In a timely article by LZ Granderson, Did Lance Armstrong cheat? I don't care, at ESPN.com, Granderson discusses his feelings on how he truly does not care if Lance Armstrong was an illegal performance-enhancement practitioner. Albeit with a warning that teenagers should not be allowed to read his piece until they are older. Included in this group of non-readers is his son, as he has made it a point to always teach his son "to seek the truth" as he states, "I've always taught him that truth is important."

I most certainly do not take issue with his teachings to his son. On the contrary, I find this not only to be admirable and commendable but wish that all parents placed that kind of importance on the truth. I also do not take issue with the support he gives (as would I) to the fine work, money donated and/or earned, and support Lance Armstrong gives in the battle against cancer through his foundation LIVESTRONG. Actually, I don't think too many could argue with that.

However, there is something I do CARE about. A piece reflective in Granderson's statement below:

"Should Armstrong be recast from his starring role as cancer survivor and seven-time Tour de France winner to that of villainous cheat, I'll still pull for him to succeed in the work that he's doing and feel good about the show."

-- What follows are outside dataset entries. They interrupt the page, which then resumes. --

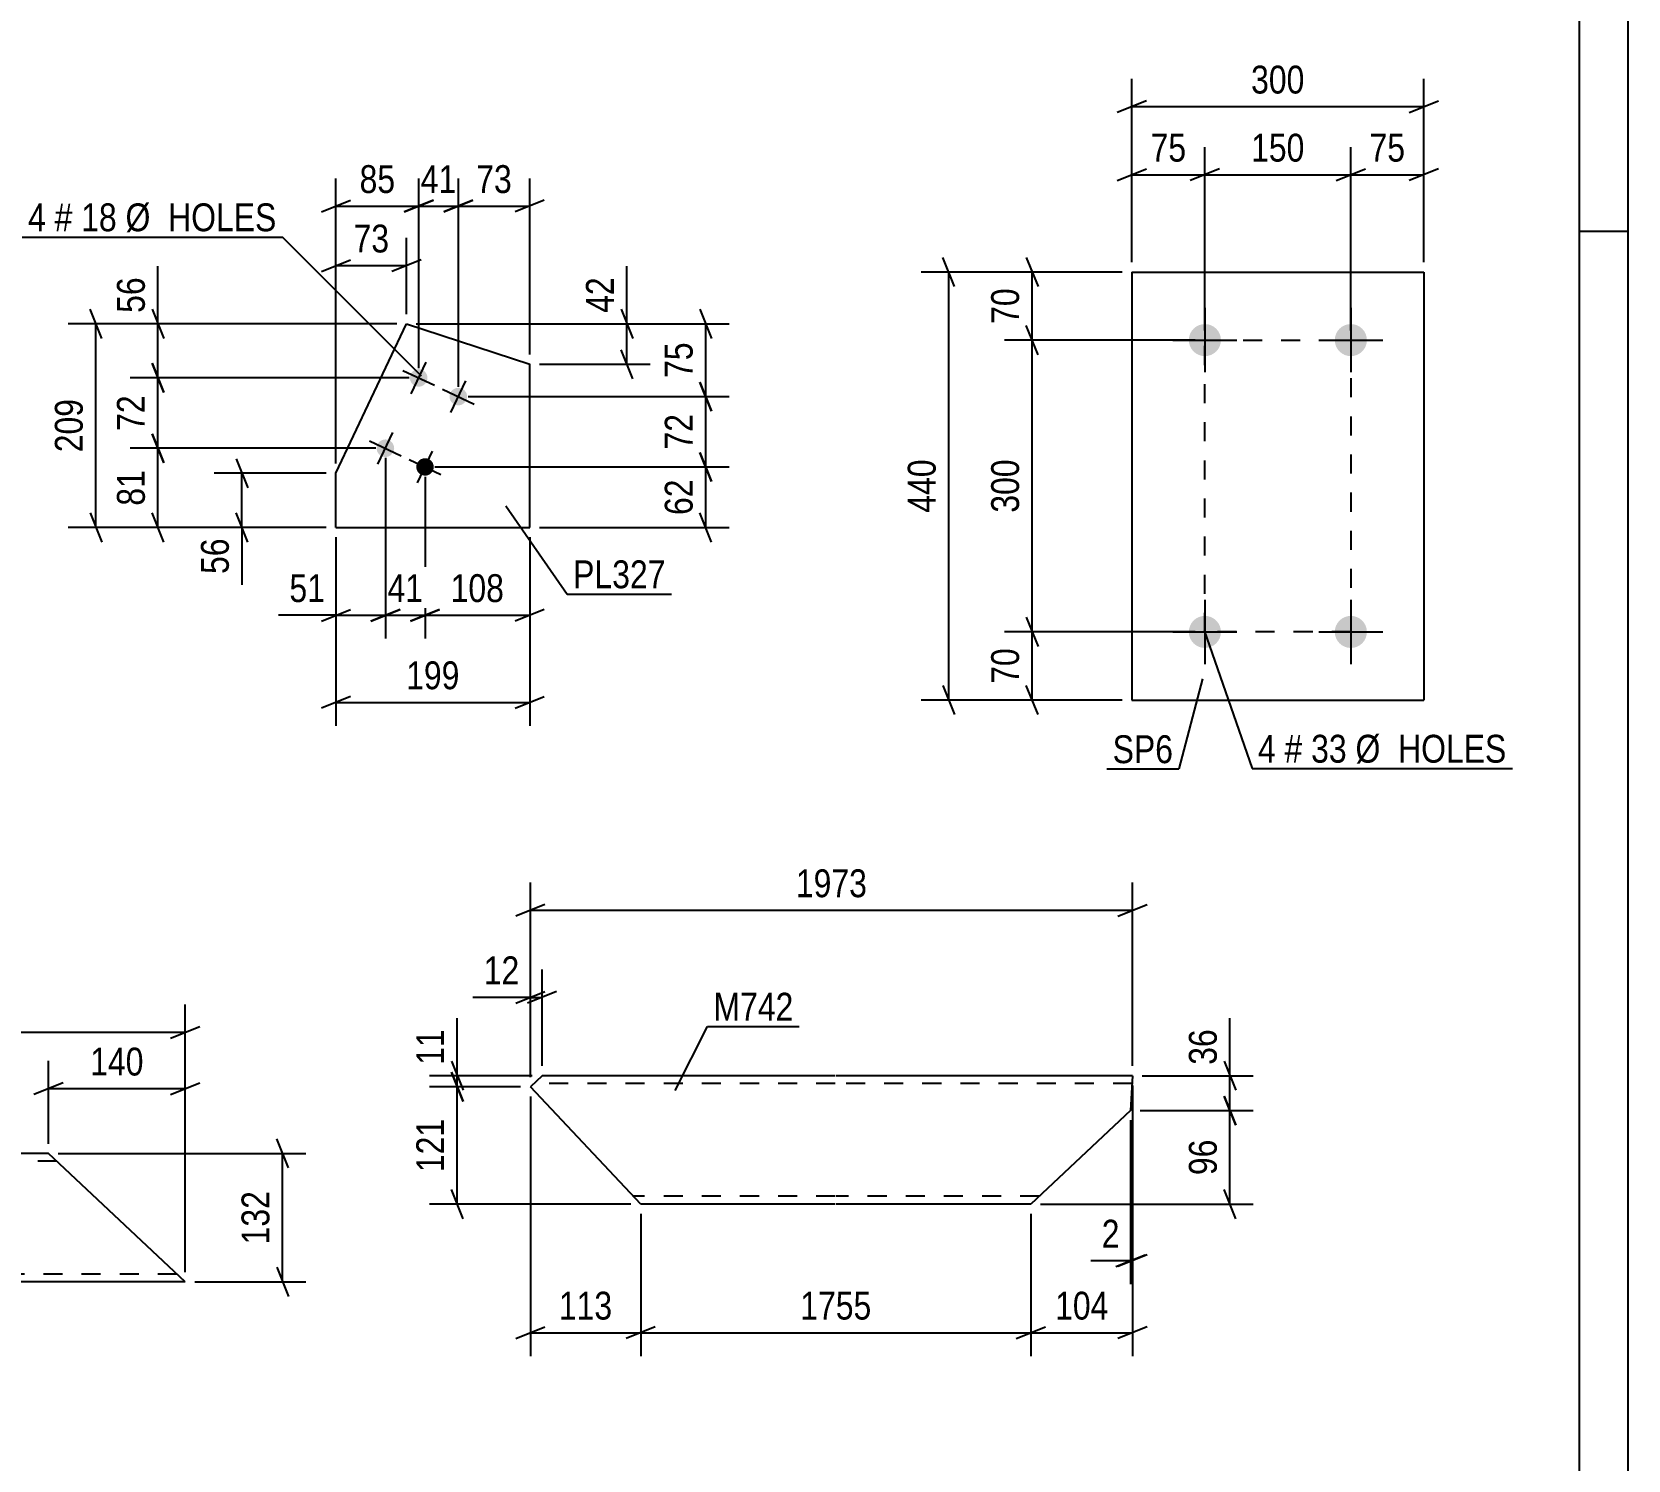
# Model space of a CAD drawing. Header units: millimetres. Extents: x 0 to 841, y 0 to 594.
# Drawn here: x 677 to 841, y 320.7 to 467.5 of the extents above; entities that cross this region are included whole.
import ezdxf

# ---------------------------------------------------------------- set-up
doc = ezdxf.new("R2010")
doc.units = ezdxf.units.MM
doc.linetypes.add('DXK_LINE_DOT2', pattern=[3.9198, 1.9599, -1.9599])
doc.styles.add('Arial Narrow', font='ARIALN.TTF', dxfattribs={"height": 0.2})

# ---------------------------------------------------------------- blocks, each defined once
blk = doc.blocks.new('Unknown-570388617-1134')
at = {"color": 5, "linetype": 'Continuous'}
for p, q in [((841, 0), (841, 594)), ((836, 5), (836, 589)), ((841, 447), (836, 447))]:
    blk.add_line(p, q, dxfattribs=at)
blk = doc.blocks.new('Part-570388617-11864 - 11863')
at = {"color": 2, "linetype": 'Continuous'}
for p, q in [((627.23, 340.14), (638.58, 352.21)), ((658.58, 352.21), (638.58, 352.21)), ((678.68, 352.21), (658.68, 352.21)), ((692.72, 339.01), (678.68, 352.21)), ((628.44, 339.01), (627.23, 340.14)), ((658.58, 339.01), (628.44, 339.01)), ((692.72, 339.01), (658.68, 339.01))]:
    blk.add_line(p, q, dxfattribs=at)
at = {"color": 7, "linetype": 'DXK_LINE_DOT2'}
for p, q in [((658.58, 351.41), (637.83, 351.41)), ((679.53, 351.41), (658.68, 351.41)), ((658.58, 339.81), (627.59, 339.81)), ((691.87, 339.81), (658.68, 339.81)), ((691.62, 340.04), (691.67, 339.99)), ((691.8, 339.87), (691.87, 339.81))]:
    blk.add_line(p, q, dxfattribs=at)
blk = doc.blocks.new('Part-570388617-11871 - 11870')
at = {"color": 2, "linetype": 'Continuous'}
for p, q in [((729.39, 360.2), (728.19, 359.06)), ((759.53, 360.2), (729.39, 360.2)), ((790.08, 360.2), (759.63, 360.2)), ((790.08, 360.2), (789.86, 356.61)), ((739.53, 347), (728.19, 359.06)), ((789.86, 356.61), (779.63, 347)), ((759.53, 347), (739.53, 347)), ((779.63, 347), (759.63, 347))]:
    blk.add_line(p, q, dxfattribs=at)
at = {"color": 7, "linetype": 'DXK_LINE_DOT2'}
for p, q in [((759.53, 359.4), (728.54, 359.4)), ((790.03, 359.4), (759.63, 359.4)), ((759.53, 347.8), (738.78, 347.8)), ((780.49, 347.8), (759.63, 347.8))]:
    blk.add_line(p, q, dxfattribs=at)
blk = doc.blocks.new('Part-570388617-11913 - 11912')
at = {"color": 2, "linetype": 'Continuous'}
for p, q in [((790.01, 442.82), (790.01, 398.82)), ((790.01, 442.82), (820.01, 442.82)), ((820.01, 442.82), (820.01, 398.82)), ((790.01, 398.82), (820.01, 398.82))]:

Oh yes, I too will pull for Lance Armstrong "to succeed in the work that he's doing" regarding cancer...but if (and it is only an "if" at this point) he did practice illegal performance-enhancement, then I am afraid, at least in my mind, this puts into serious doubt how much "he" really did win as a bike racer. (This is, of course, with the assumption that any illegal performance-enhancement was used to augment his bike racing capabilities and not to bring him back to normalcy after battling testicular cancer - a huge difference in my book.)

To me, these are two separate issues - battling cancer and multiple wins of the Tour de France. On the one hand you have an individual who has shown a tremendous amount of fortitude in making a positive difference for many, and for society as a whole, and on the other hand if the allegations prove to be true, you have a "cheater" no different than the others (Roger Clemens, Barry Bonds, Brian Cushing, Marion Jones, etc.).

It is not that I don't believe cheating in one area of life doesn't affect other aspects of one's life. On the contrary, I believe that it does and can, ultimately and exponentially, increase the odds of "bad" things happening to an individual due to its corrosive effect on one's character. (You need only look at Tiger Woods to see that possibility).

However, a good deed is still a GOOD DEED, and with few exceptions to how it comes about or who it comes from, if it betters society and helps people, it is still a good thing!!!

Great piece LZ, but the jury is still out on how many bike races, and Tour de France races, Lance Armstrong really won. Hopefully, when the truth comes out, the answer will be all of them.